The United States Court of Appeals for the Ninth Circuit, applying California law, has held that a strict compliance standard applies to satisfying the notice requirement under a claims-made-and-reported policy. Heritage Bank of Commerce v. Zurich Am. Ins. Co., 2024 WL 810447 (9th Cir. Feb. 27, 2024).
The insured bank purchased a claims-made-and-reported policy. The policy stated that notice of a claim or potential claim needed to be sent in writing to the insurer’s claims department at a specified address. During the policy period, the bank learned of a potential claim. Rather than timely sending notice of the potential claim to the specific address, the bank emailed the notice to an underwriter. The insurer denied coverage due to the bank’s failure to comply with the policy’s notice provision, and the bank sued.
In the coverage litigation, the district court granted the insurer’s motion to dismiss, concluding that the bank’s failure to substantially comply with the notice provision barred coverage. Although the bank agreed with the application of the substantial compliance standard, it disagreed with the court’s ruling that it had not substantially complied. Wiley’s summary of the district court’s ruling can be found here.

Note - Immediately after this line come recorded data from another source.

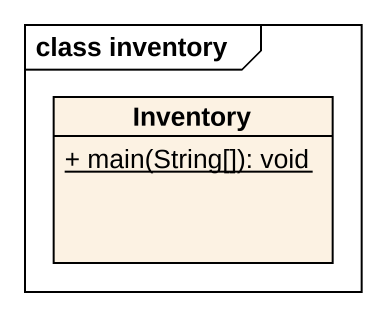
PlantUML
@startuml
mainframe class inventory
hide circle
hide empty members
skinparam classAttributeIconSize 0
class Inventory {
  {static} + main(String[]): void
}
@enduml

On appeal, the court found that a strict compliance standard applied. It stated that because the Supreme Court of California “has not addressed whether strict compliance or substantial compliance with notice requirements in a claims-made-and-reported policy is required,” it predicted how that court would decide the issue. The court looked to intermediate state court decisions and decisions from other circuits as instructive and concluded that because notice provisions in claims-made-and-reported policies “directly bear on the insured risk,” the Supreme Court of California would likely find that strict compliance is required. Thus, the court affirmed the district court’s decision and held that the bank had not strictly complied with the notice provision.